Fre-GAN-pytorch/discriminator.py
Lines 242 to 246 in 91d0e46
You are concatenating on the length dim resulting in an odd looking tensor where the first half is audio features and the 2nd half is DWT features, and local waveform/DWT information can't mix properly.
Is there any reason for this? I feel very confused looking at this, but you've done it twice so I assume there's some reason for this.

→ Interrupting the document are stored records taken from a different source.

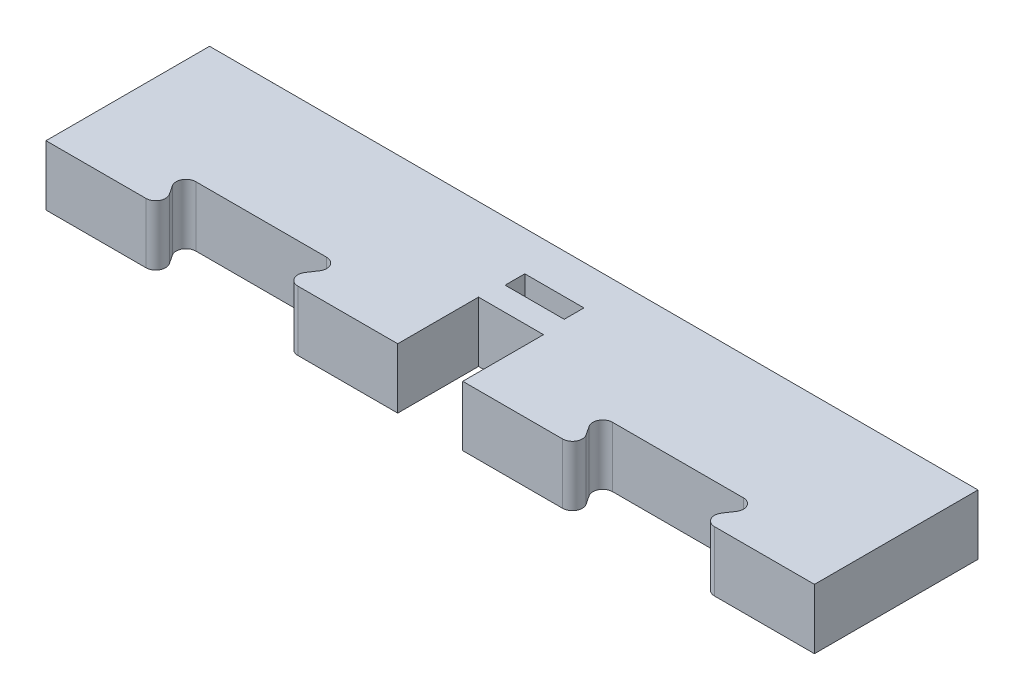
SolidWorks part; units mm, degrees
ref_plane "Front Plane" through (0, 0, 0) normal (0, 0, 1) x (1, 0, 0)
ref_plane "Top Plane" through (0, 0, 0) normal (0, 1, 0) x (1, 0, 0)
ref_plane "Right Plane" through (0, 0, 0) normal (1, 0, 0) x (0, 0, -1)
sketch "Sketch1" plane through (0, 0, 0) normal (0, 1, 0) x (1, 0, 0)
  line L0 (0, 0) -> (39, 0)
  line L1 (0, 0) -> (0, 8.3)
  line L2 (39, 0) -> (39, 8.3)
  line L3 (0, 8.3) -> (39, 8.3)
  dimension "D1" = 8.3
  dimension "D2" = 39
extrude "Boss-Extrude1" add sketch "Sketch1" along normal blind 3.05
sketch "Sketch2" plane through (0, 3.05, 0) normal (0, 1, 0) x (1, 0, 0)
  line L0 (0, 0) -> (0, 2)
  line L1 (0, 8.3) -> (0, 0) construction
  line L2 (0, 2) -> (39, 2) construction
  line L3 (39, 0) -> (39, 8.3) construction
  line L4 (0, 0) -> (6, 0)
  line L5 (0, 0) -> (39, 0) construction
  line L6 (6, 0) -> (4.675, 2)
  line L7 (4.675, 2) -> (13.175, 2)
  line L8 (13.175, 2) -> (11.85, 0)
  line L9 (11.85, 0) -> (27.15, 0)
  line L10 (27.15, 0) -> (25.825, 2)
  line L11 (25.825, 2) -> (34.325, 2)
  line L12 (34.325, 2) -> (33, 0)
  line L13 (33, 0) -> (39, 0)
  line L14 (6, 0) -> (11.85, 0)
  line L15 (27.15, 0) -> (33, 0)
  line L16 (0, 2) -> (4.675, 2)
  line L17 (34.325, 2) -> (39, 2)
  line L18 (39, 2) -> (39, 0)
  line M9 (0, 0) -> (39, 0)
  dimension "D1" = 2
  dimension "D2" = 6
  dimension "D3" = 4.675
  dimension "D4" = 8.5
extrude "Cut-Extrude1" cut sketch "Sketch2" against normal through all contours L8 L6 M9 | L12 L10 M9 region at (30.075, 3.05, -1.0616) region at (8.925, 3.05, -1.0616)
sketch "Sketch3" plane through (0, 3.05, 0) normal (0, 1, 0) x (1, 0, 0)
  line L0 (19.5, 8.3) -> (19.5, 6.3)
  line L1 (39, 8.3) -> (0, 8.3) construction
  line L2 (21, 6.3) -> (18, 6.3)
  line L3 (18, 6.3) -> (18, 5.3)
  line L4 (18, 5.3) -> (21, 5.3)
  line L5 (21, 5.3) -> (21, 6.3)
  line L6 (19.5, 5.3) -> (19.5, 4.1)
  line L7 (21.15, 4.1) -> (17.85, 4.1)
  line L8 (17.85, 4.1) -> (17.85, 0)
  line L9 (11.85, 0) -> (27.15, 0) construction
  line L10 (17.85, 0) -> (21.15, 0)
  line L11 (21.15, 0) -> (21.15, 4.1)
  point P7 (19.5, 6.3)
  point P14 (19.5, 4.1)
  line M9 (11.85, 0) -> (27.15, 0)
  dimension "D1" = 2
  dimension "D2" = 1
  dimension "D3" = 1.2
  dimension "D4" = 3.3
  dimension "D5" = 3
extrude "Cut-Extrude2" cut sketch "Sketch3" against normal through all contours L11 L7 L8 M9 | L4 L5 L2 L3 region at (19.5, 3.05, -5.8) region at (19.5, 3.05, -2.05)
fillet "Fillet1" radius 0.5 8 edges at (33, 1.525, 0) (27.15, 1.525, 0) (11.85, 1.525, 0) (6, 1.525, 0) (25.825, 1.525, -2) (34.325, 1.525, -2) (13.175, 1.525, -2) (4.675, 1.525, -2)

Hey @CookiePPP, For my understanding the sentence "After each level of DWT, all the frequency sub-bands are channel-wise concatenated and passed to convolutional layers" should refer to the lines:
Fre-GAN-pytorch/discriminator.py
Lines 228 to 235 in 91d0e46
@leminhnguyen
Thanks!
Yes I see. I wonder if "and passed to convolutional layers" would have meant channel-wise concat or length wise. 🤔
I suppose the difference shouldn't be large in terms of quality, just maybe an increase in compute/training time from having the discriminator latents get longer after every layer.